This is the official implementation of the paper: NORO: A Noise-Robust One-Shot Voice Conversion System with Hidden Speaker Representation Capabilities.
Noro is a noise-robust one-shot voice conversion (VC) system designed to convert the timbre of speech from a source speaker to a target speaker using only a single reference speech sample, while preserving the semantic content of the original speech.
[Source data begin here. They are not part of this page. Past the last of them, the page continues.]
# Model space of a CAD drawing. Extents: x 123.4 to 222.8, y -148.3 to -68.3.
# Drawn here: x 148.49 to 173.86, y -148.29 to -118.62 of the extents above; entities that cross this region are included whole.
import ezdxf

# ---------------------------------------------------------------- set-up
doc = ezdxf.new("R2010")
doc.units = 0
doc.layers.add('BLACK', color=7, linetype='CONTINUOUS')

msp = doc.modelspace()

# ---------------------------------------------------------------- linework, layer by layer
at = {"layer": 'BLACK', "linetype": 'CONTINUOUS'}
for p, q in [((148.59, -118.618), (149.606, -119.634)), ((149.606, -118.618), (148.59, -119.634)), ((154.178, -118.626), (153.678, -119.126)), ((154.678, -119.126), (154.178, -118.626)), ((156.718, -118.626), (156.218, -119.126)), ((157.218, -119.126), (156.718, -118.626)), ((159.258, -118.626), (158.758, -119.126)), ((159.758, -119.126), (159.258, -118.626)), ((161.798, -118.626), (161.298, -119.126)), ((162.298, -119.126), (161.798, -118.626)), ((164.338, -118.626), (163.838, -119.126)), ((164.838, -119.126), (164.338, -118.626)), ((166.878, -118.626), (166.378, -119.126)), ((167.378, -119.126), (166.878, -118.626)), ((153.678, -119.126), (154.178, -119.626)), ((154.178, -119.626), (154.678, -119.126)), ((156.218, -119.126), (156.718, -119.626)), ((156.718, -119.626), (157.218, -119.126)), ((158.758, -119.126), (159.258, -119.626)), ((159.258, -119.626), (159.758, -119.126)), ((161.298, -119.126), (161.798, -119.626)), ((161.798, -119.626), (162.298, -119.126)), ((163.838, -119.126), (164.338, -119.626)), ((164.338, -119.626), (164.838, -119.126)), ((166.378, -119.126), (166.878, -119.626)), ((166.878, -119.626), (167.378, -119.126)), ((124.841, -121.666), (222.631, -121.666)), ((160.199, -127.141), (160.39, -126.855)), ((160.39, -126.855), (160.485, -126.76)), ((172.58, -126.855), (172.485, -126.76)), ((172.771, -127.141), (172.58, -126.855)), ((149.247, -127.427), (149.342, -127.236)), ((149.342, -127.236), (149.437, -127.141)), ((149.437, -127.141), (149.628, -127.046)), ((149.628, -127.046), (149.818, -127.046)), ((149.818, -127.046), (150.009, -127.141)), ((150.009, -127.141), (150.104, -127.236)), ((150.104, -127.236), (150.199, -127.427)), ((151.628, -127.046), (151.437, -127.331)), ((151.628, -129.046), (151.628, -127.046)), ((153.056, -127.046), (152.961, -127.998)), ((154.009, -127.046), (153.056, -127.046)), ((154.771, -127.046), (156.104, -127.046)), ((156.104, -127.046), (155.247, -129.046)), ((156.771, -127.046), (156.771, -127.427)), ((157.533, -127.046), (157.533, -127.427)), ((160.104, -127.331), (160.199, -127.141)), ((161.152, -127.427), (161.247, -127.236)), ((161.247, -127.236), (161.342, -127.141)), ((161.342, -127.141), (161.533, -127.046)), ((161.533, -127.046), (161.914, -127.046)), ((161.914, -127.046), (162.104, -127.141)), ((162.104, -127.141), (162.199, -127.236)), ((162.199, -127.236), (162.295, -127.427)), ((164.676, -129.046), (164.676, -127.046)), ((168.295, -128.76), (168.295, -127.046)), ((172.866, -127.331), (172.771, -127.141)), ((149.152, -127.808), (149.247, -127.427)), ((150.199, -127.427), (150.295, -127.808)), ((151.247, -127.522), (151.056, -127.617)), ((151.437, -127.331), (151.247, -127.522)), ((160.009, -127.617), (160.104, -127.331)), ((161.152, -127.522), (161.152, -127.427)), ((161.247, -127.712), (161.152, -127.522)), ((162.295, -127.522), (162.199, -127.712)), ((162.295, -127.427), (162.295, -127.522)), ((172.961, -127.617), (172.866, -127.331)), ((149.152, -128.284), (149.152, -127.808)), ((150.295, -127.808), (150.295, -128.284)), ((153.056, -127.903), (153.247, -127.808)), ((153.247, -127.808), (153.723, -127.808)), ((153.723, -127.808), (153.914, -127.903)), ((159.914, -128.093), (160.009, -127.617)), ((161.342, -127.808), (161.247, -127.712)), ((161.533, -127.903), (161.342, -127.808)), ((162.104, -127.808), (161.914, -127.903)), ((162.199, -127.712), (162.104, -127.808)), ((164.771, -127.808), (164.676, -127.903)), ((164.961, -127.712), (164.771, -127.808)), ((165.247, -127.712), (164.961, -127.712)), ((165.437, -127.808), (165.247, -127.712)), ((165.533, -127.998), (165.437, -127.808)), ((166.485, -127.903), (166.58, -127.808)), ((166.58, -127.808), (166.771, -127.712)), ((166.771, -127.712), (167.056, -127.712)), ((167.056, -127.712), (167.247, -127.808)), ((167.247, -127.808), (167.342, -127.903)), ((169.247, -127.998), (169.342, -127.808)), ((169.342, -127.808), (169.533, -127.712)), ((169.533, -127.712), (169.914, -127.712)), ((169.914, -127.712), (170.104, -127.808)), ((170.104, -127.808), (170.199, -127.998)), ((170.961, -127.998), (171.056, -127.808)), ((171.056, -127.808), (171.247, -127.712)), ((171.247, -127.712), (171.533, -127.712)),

Noro introduces innovative components tailored for VC using noisy reference speeches, including a dual-branch reference encoding module and a noise-agnostic contrastive speaker loss.
- Noise-Robust Voice Conversion: Utilizes a dual-branch reference encoding module and noise-agnostic contrastive speaker loss to maintain high-quality voice conversion in noisy environments.
- One-shot Voice Conversion: Achieves timbre conversion using only one reference speech sample.
- Speaker Representation Learning: Explores the potential of the reference encoder as a self-supervised speaker encoder.
Set up your environment as in Amphion README (you'll need a conda environment, and we recommend using Linux).
Humbert checkpoint and kmeans can be downloaded here.
Set the downloded model path at egs/vc/Noro/exp_config_base.json
.
You need to download our pretrained weights from Google Drive.
- Configure inference parameters:
Modify the pretrained checkpoint path, source voice path and reference voice path at
egs/vc/Noro/noro_inference.sh
file. Currently it's at line 35.
checkpoint_path="path/to/checkpoint/model.safetensors"
output_dir="path/to/output/directory"
source_path="path/to/source/audio.wav"
reference_path="path/to/reference/audio.wav"
-
Start inference:
bash path/to/Amphion/egs/vc/noro_inference.sh
-
You got the reconstructed mel spectrum saved to the output direction. Then use the BigVGAN to construct the wav file.
We use the LibriLight dataset for training and evaluation. You can download it using the following commands:
wget https://dl.fbaipublicfiles.com/librilight/data/large.tar
wget https://dl.fbaipublicfiles.com/librilight/data/medium.tar
wget https://dl.fbaipublicfiles.com/librilight/data/small.tar
Configure training parameters: Our configuration file for training clean Noro model is at "egs/vc/Noro/exp_config_clean.json", and Nosiy Noro model at "egs/vc/Noro/exp_config_noisy.json".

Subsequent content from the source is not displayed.